Has anyone succeeded in building a Flutter app using either 1) a single YOLO pose model having multiple classes or 2) multiple YOLO pose single-class models on the same camera (video) stream?
I’ve succeeded in transfer learning a single-class yolo11n-pose and exporting a tflite model (via Google Colab) and basing my app on examples here, but I can’t get any of these methods to succeed for multiclass (3 classes of 6, 4, and 2 keypoints in my case) pose estimation:
single model: 3-class, 3d (x, y, visibility) training with rows of annotation files padded to same number (6) of max keypoints (updated YOLO.kt, YOLOView.kt, PoseEstimator.kt files for Android).
#1 but 2d (x, y) only.
#1 and #2 with annotation files padded to the sum of the total number of keypoints (6+4+2 = 12).
Separately trained models for each class with annotations padded to the max (6) number of keypoints (and updated YOLO.kt, YOLOView.kt, PoseEstimator.kt files for Android) and tried to call 3 instances of YOLOView (which probably causes video stream conflicts and/or shows only the last called instance)
Multi-class pose is supported in Ultralytics YOLO (including YOLO11), but the key limitation is that a single pose model can only have one fixed kpt_shape for all classes. So “3 classes with 6, 4, and 2 keypoints” can’t be represented natively as three different keypoint schemas inside one model head.
The practical way to do this is to define one global keypoint set (e.g. 12 keypoints total) and train with kpt_shape: [12, 3] (or [12, 2]), then for classes that don’t use some keypoints you pad them as “missing” (typically x=0 y=0 v=0 for the unused keypoints). Your app then only renders the subset that applies to the predicted class.
# data.yaml
path: /data
train: images/train
val: images/val
names: [c0, c1, c2]
kpt_shape: [12, 3] # fixed for ALL classes
If you instead go with multiple single-class models, the main issue in Flutter is exactly what you suspected: don’t create 3 camera views/streams.
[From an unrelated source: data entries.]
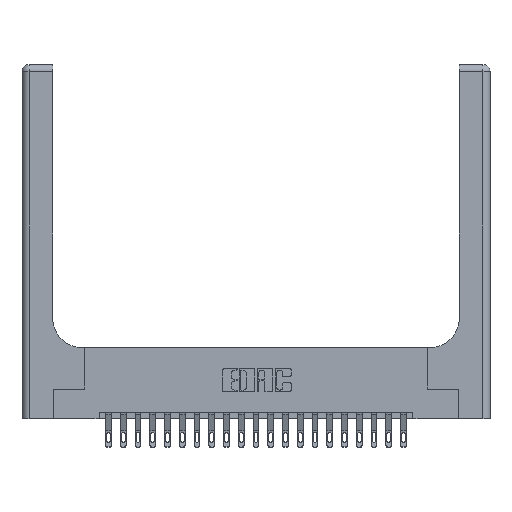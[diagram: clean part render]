
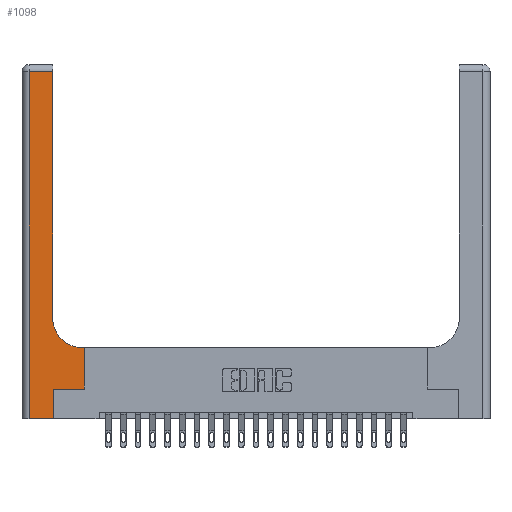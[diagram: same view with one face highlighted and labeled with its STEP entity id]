
A CAD part, top view. The second image highlights one B-rep face of the part: STEP entity #1098.
In plain terms, the highlighted planar face has unit normal (0, 0, 1).
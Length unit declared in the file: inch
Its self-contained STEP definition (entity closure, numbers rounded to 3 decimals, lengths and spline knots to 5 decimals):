
#85 = VECTOR ( 'NONE', #7276, 39.37008 ) ;
#371 = VERTEX_POINT ( 'NONE', #5874 ) ;
#526 = ORIENTED_EDGE ( 'NONE', *, *, #20526, .T. ) ;
#973 = AXIS2_PLACEMENT_3D ( 'NONE', #12445, #18666, #14725 ) ;
#1098 = ADVANCED_FACE ( 'NONE', ( #3322 ), #16128, .F. ) ;
#1221 = CARTESIAN_POINT ( 'NONE',  ( 0.26, 2.94, 0.37 ) ) ;
#1400 = VERTEX_POINT ( 'NONE', #5961 ) ;
#1624 = EDGE_CURVE ( 'NONE', #13739, #1400, #8051, .T. ) ;
#1634 = VERTEX_POINT ( 'NONE', #9731 ) ;
#1804 = VECTOR ( 'NONE', #4390, 39.37008 ) ;
#1970 = CARTESIAN_POINT ( 'NONE',  ( 0.06, 0., 0.37 ) ) ;
#2482 = ORIENTED_EDGE ( 'NONE', *, *, #4791, .T. ) ;
#2718 = EDGE_CURVE ( 'NONE', #1634, #20379, #7744, .T. ) ;
#3322 = FACE_OUTER_BOUND ( 'NONE', #19422, .T. ) ;
#3540 = ORIENTED_EDGE ( 'NONE', *, *, #17942, .T. ) ;
#3768 = CARTESIAN_POINT ( 'NONE',  ( 0.265, 0.25, 0.37 ) ) ;
#4118 = DIRECTION ( 'NONE',  ( 1., 0., 0. ) ) ;
#4273 = ORIENTED_EDGE ( 'NONE', *, *, #13862, .T. ) ;
#4390 = DIRECTION ( 'NONE',  ( 0., 1., 0. ) ) ;
#4515 = LINE ( 'NONE', #10872, #9317 ) ;
#4548 = ORIENTED_EDGE ( 'NONE', *, *, #2718, .T. ) ;
#4646 = VERTEX_POINT ( 'NONE', #3768 ) ;
#4748 = LINE ( 'NONE', #17519, #19698 ) ;
#4791 = EDGE_CURVE ( 'NONE', #371, #4646, #20430, .T. ) ;
#5874 = CARTESIAN_POINT ( 'NONE',  ( 0.265, 0., 0.37 ) ) ;
#5887 = VECTOR ( 'NONE', #18298, 39.37008 ) ;
#5961 = CARTESIAN_POINT ( 'NONE',  ( 0.26, 0.85, 0.37 ) ) ;
#6214 = EDGE_CURVE ( 'NONE', #20079, #13739, #19808, .T. ) ;
#6290 = ORIENTED_EDGE ( 'NONE', *, *, #1624, .T. ) ;
#6318 = LINE ( 'NONE', #12794, #1804 ) ;
#7276 = DIRECTION ( 'NONE',  ( -1., 0., 0. ) ) ;
#7744 = LINE ( 'NONE', #16588, #5887 ) ;
#7785 = EDGE_CURVE ( 'NONE', #17367, #1634, #13068, .T. ) ;
#8051 = CIRCLE ( 'NONE', #973, 0.25 ) ;
#8937 = CARTESIAN_POINT ( 'NONE',  ( 0.51, 0.6, 0.37 ) ) ;
#9001 = EDGE_CURVE ( 'NONE', #1400, #17367, #4748, .T. ) ;
#9317 = VECTOR ( 'NONE', #4118, 39.37008 ) ;
#9341 = VECTOR ( 'NONE', #19202, 39.37008 ) ;
#9699 = VERTEX_POINT ( 'NONE', #17574 ) ;
#9707 = ORIENTED_EDGE ( 'NONE', *, *, #9001, .T. ) ;
#9731 = CARTESIAN_POINT ( 'NONE',  ( 0.06, 2.94, 0.37 ) ) ;
#10872 = CARTESIAN_POINT ( 'NONE',  ( 0., 0., 0.37 ) ) ;
#11065 = CARTESIAN_POINT ( 'NONE',  ( 0.528, 0.6, 0.37 ) ) ;
#11611 = DIRECTION ( 'NONE',  ( 0., 1., 0. ) ) ;
#12445 = CARTESIAN_POINT ( 'NONE',  ( 0.51, 0.85, 0.37 ) ) ;
#12794 = CARTESIAN_POINT ( 'NONE',  ( 0.528, 0.25, 0.37 ) ) ;
#13068 = LINE ( 'NONE', #14077, #9341 ) ;
#13739 = VERTEX_POINT ( 'NONE', #8937 ) ;
#13862 = EDGE_CURVE ( 'NONE', #9699, #20079, #6318, .T. ) ;
#13873 = DIRECTION ( 'NONE',  ( 0., 1., 0. ) ) ;
#14077 = CARTESIAN_POINT ( 'NONE',  ( 0., 2.94, 0.37 ) ) ;
#14725 = DIRECTION ( 'NONE',  ( 1., 0., 0. ) ) ;
#14937 = ORIENTED_EDGE ( 'NONE', *, *, #6214, .T. ) ;
#15808 = AXIS2_PLACEMENT_3D ( 'NONE', #17825, #16261, #19405 ) ;
#15888 = VECTOR ( 'NONE', #11611, 39.37008 ) ;
#16128 = PLANE ( 'NONE',  #15808 ) ;
#16261 = DIRECTION ( 'NONE',  ( 0., 0., -1. ) ) ;
#16588 = CARTESIAN_POINT ( 'NONE',  ( 0.06, 3., 0.37 ) ) ;
#17367 = VERTEX_POINT ( 'NONE', #1221 ) ;
#17519 = CARTESIAN_POINT ( 'NONE',  ( 0.26, 3., 0.37 ) ) ;
#17574 = CARTESIAN_POINT ( 'NONE',  ( 0.528, 0.25, 0.37 ) ) ;
#17660 = CARTESIAN_POINT ( 'NONE',  ( 0.265, 0.25, 0.37 ) ) ;
#17825 = CARTESIAN_POINT ( 'NONE',  ( 0., 3., 0.37 ) ) ;
#17925 = LINE ( 'NONE', #17660, #20341 ) ;
#17942 = EDGE_CURVE ( 'NONE', #4646, #9699, #17925, .T. ) ;
#18191 = ORIENTED_EDGE ( 'NONE', *, *, #7785, .T. ) ;
#18298 = DIRECTION ( 'NONE',  ( 0., -1., 0. ) ) ;
#18666 = DIRECTION ( 'NONE',  ( 0., 0., -1. ) ) ;
#18894 = CARTESIAN_POINT ( 'NONE',  ( 0.26, 0.6, 0.37 ) ) ;
#19202 = DIRECTION ( 'NONE',  ( -1., 0., 0. ) ) ;
#19376 = DIRECTION ( 'NONE',  ( 1., 0., 0. ) ) ;
#19405 = DIRECTION ( 'NONE',  ( -1., 0., 0. ) ) ;
#19422 = EDGE_LOOP ( 'NONE', ( #9707, #18191, #4548, #526, #2482, #3540, #4273, #14937, #6290 ) ) ;
#19698 = VECTOR ( 'NONE', #13873, 39.37008 ) ;
#19808 = LINE ( 'NONE', #18894, #85 ) ;
#19894 = CARTESIAN_POINT ( 'NONE',  ( 0.265, 0., 0.37 ) ) ;
#20079 = VERTEX_POINT ( 'NONE', #11065 ) ;
#20341 = VECTOR ( 'NONE', #19376, 39.37008 ) ;
#20379 = VERTEX_POINT ( 'NONE', #1970 ) ;
#20430 = LINE ( 'NONE', #19894, #15888 ) ;
#20526 = EDGE_CURVE ( 'NONE', #20379, #371, #4515, .T. ) ;

Use one camera stream and run 3 interpreters on the same frame buffer (serially is simplest). With the current ultralytics_yolo Flutter examples, that typically means one YOLOView and custom native changes if you want multi-model inference in the same pipeline.
One more important gotcha: many mobile examples hardcode COCO assumptions (like 17 keypoints). For custom pose, make sure your Android PoseEstimator parsing is derived from the model output shape (compute nkpt and ndim) rather than hardcoding. A quick sanity check is to confirm the exported model behaves on desktop first by running inference/validation on the exported .tflite, since Ultralytics supports predicting directly on exports as shown in the Pose export docs.
If you paste your data.yaml (especially kpt_shape) and the TFLite output tensor shape(s) you see on Android, I can tell you exactly what the parser should infer for nc, nkpt, and keypoint dims for your model.
Thanks, @pderrenger, I’m now exploring OBB. If I can figure out how to query the oriented box coordinates (x, y, angle) from YOLOView/yolo_result.dart, that will probably meet my needs.